The word "sides" may appear in some of the lines below. State how many lines contain it, and write only that number.

-------- Data excerpts --------

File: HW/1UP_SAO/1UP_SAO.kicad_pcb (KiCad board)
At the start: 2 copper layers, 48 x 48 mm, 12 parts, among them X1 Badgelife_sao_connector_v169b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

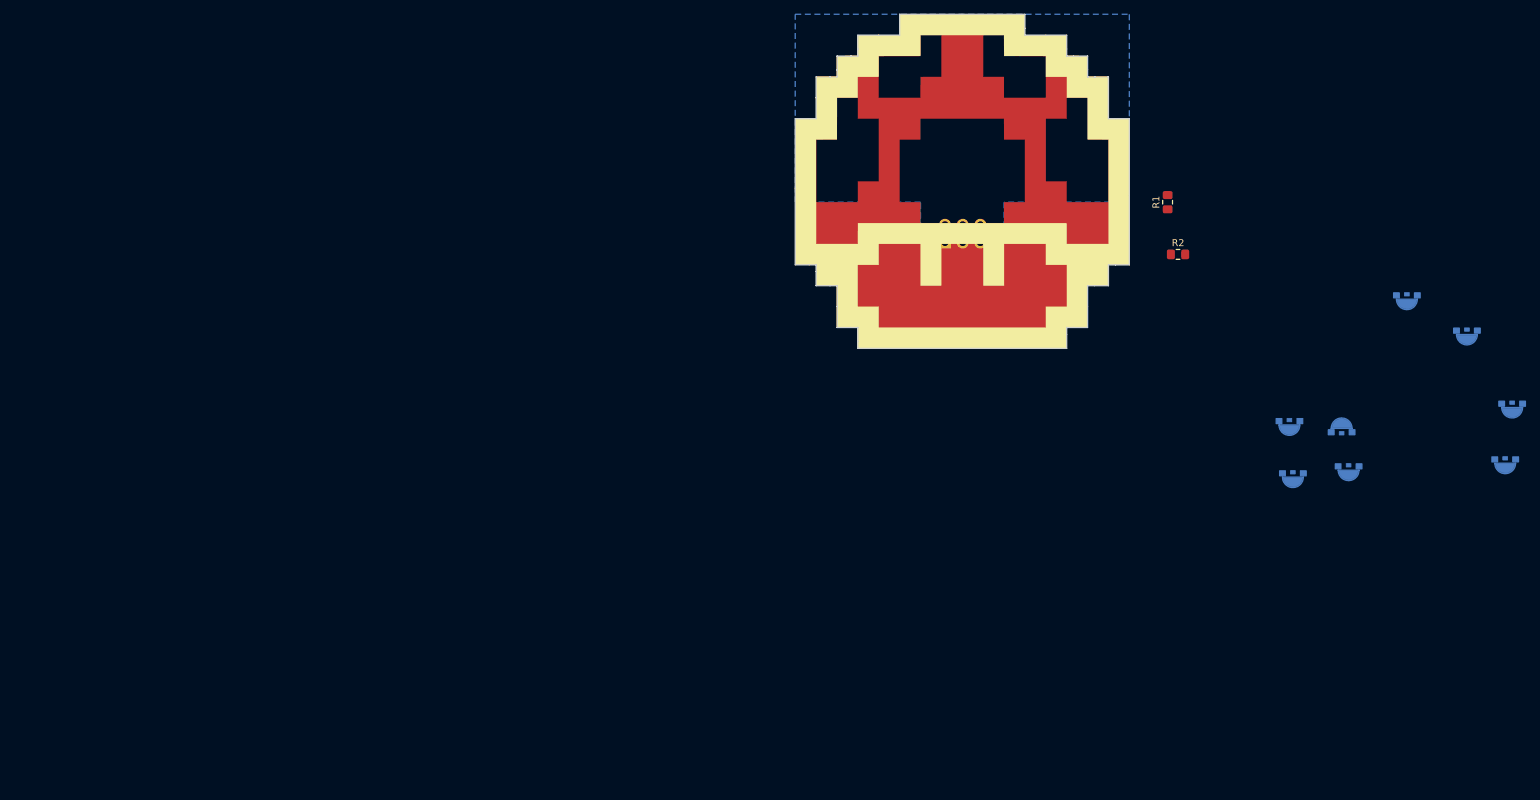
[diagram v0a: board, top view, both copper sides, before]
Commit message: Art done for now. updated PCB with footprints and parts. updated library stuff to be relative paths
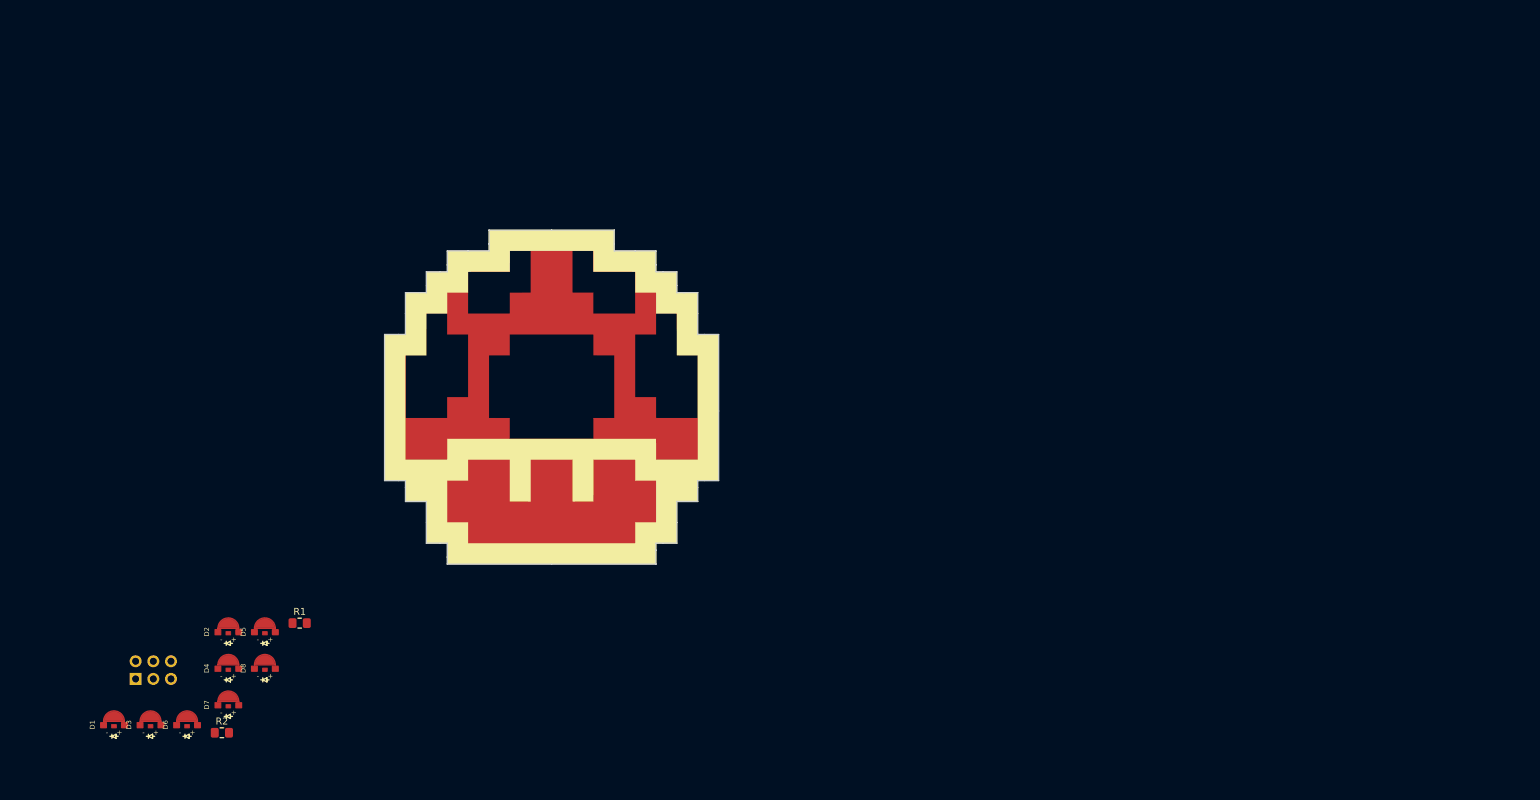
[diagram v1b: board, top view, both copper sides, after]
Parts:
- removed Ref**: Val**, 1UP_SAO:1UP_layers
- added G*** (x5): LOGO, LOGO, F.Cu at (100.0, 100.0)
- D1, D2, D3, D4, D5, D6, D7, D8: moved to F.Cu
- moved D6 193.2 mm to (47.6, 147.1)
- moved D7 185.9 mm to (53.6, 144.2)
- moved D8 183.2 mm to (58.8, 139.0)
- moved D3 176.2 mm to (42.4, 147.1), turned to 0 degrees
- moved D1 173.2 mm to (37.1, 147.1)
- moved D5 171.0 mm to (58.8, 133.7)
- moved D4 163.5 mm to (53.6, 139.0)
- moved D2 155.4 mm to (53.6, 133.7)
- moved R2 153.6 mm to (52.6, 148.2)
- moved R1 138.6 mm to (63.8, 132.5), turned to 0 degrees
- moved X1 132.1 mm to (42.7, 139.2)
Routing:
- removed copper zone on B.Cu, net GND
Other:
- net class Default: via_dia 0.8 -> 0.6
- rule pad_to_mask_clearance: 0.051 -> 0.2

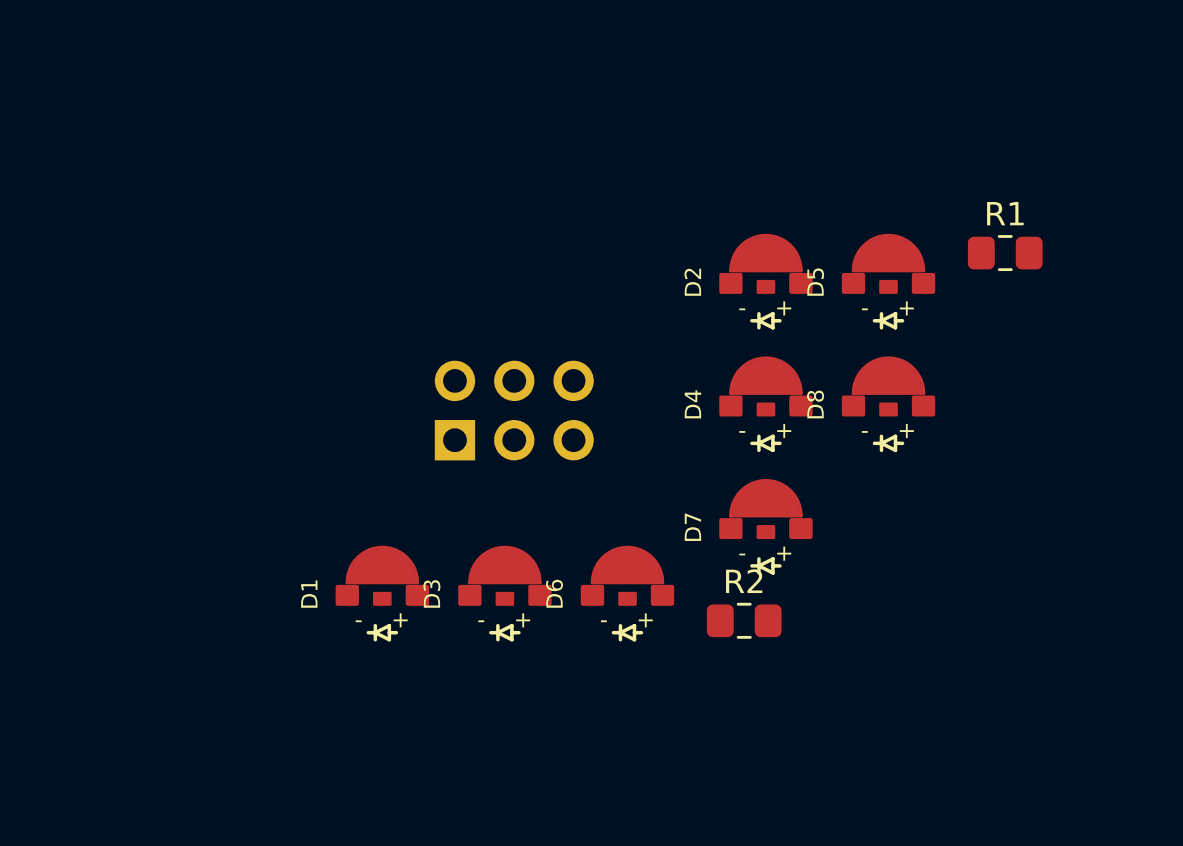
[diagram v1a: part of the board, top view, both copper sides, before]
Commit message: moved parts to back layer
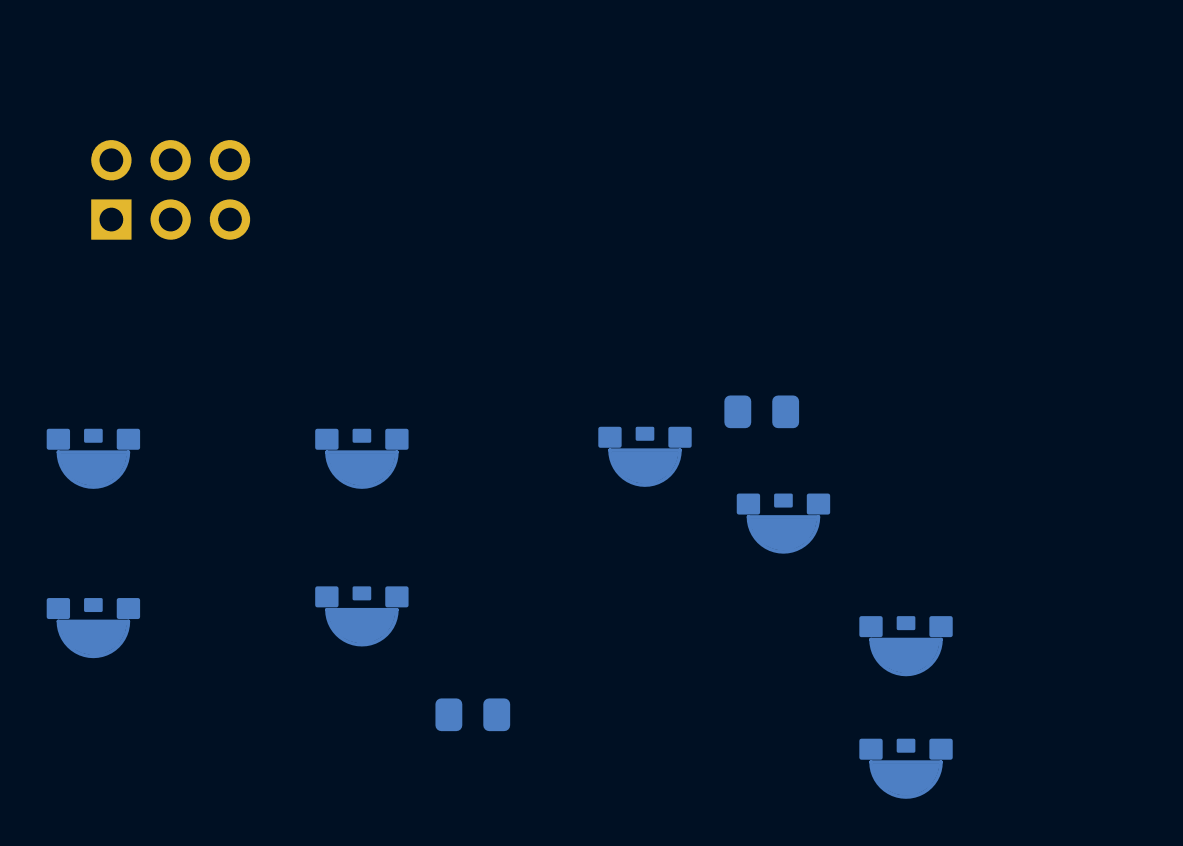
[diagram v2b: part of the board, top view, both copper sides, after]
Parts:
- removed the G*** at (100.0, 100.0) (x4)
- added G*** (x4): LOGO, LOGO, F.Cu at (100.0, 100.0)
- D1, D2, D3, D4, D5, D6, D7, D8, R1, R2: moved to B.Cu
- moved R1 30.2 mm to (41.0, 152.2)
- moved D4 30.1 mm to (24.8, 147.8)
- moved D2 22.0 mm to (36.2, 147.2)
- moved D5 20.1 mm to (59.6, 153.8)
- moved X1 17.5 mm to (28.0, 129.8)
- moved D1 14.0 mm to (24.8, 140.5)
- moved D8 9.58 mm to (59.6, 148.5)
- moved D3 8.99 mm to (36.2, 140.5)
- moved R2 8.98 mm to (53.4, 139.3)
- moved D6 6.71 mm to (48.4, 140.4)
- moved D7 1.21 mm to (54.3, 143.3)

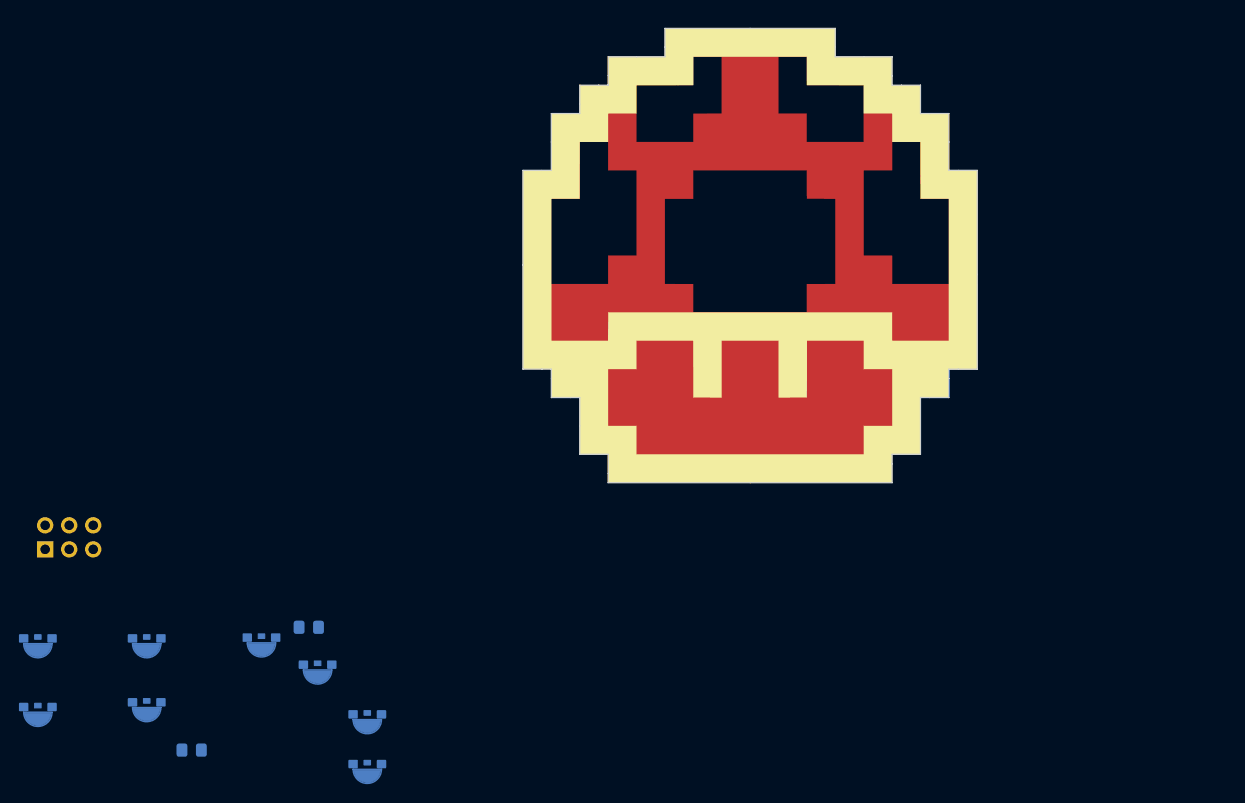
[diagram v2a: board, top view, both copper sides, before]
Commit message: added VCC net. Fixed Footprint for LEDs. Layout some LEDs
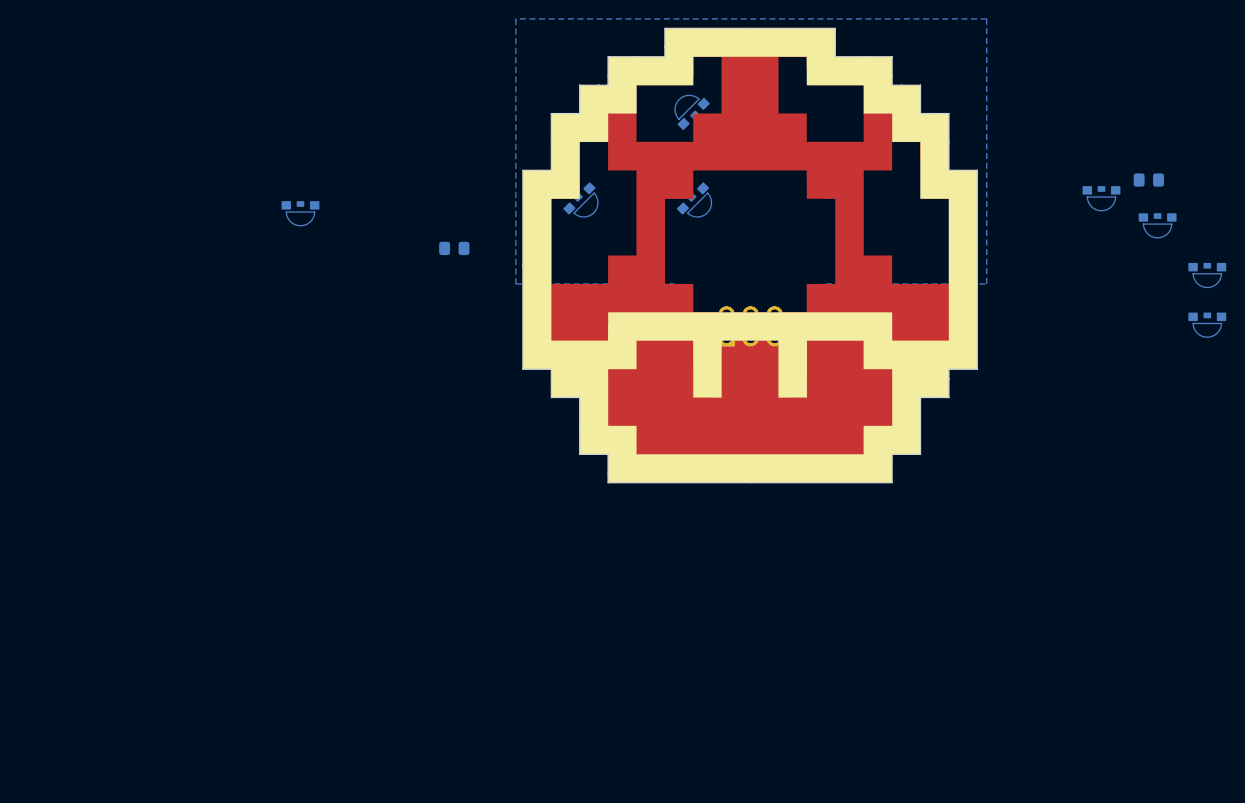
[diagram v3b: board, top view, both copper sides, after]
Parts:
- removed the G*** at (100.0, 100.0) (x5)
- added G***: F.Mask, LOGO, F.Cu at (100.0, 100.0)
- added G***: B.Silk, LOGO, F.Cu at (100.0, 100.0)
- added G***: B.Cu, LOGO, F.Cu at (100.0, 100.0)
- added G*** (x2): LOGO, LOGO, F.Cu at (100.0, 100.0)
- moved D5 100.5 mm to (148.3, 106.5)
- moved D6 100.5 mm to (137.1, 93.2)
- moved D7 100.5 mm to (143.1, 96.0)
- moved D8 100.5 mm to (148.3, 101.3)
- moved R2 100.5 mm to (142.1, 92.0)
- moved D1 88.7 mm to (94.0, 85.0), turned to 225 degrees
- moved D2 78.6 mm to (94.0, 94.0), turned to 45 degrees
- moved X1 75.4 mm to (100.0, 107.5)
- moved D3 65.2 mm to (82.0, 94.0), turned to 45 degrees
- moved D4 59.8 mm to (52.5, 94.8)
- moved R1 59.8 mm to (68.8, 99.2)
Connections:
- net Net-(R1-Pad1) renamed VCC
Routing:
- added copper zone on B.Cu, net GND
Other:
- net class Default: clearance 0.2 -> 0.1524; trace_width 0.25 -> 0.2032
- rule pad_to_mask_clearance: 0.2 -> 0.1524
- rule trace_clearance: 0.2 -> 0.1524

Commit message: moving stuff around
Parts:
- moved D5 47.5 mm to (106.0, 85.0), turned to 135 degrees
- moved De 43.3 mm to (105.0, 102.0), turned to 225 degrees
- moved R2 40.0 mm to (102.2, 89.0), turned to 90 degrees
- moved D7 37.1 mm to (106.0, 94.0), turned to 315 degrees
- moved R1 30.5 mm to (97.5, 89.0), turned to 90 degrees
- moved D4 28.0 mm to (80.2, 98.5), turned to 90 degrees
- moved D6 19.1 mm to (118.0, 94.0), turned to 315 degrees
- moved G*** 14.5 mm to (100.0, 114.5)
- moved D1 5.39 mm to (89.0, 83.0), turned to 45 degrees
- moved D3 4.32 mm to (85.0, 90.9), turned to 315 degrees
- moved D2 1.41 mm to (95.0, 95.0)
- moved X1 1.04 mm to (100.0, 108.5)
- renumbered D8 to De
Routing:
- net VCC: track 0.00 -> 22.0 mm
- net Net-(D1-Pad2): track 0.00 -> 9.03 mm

--------

▸ Solution to the exercise: 6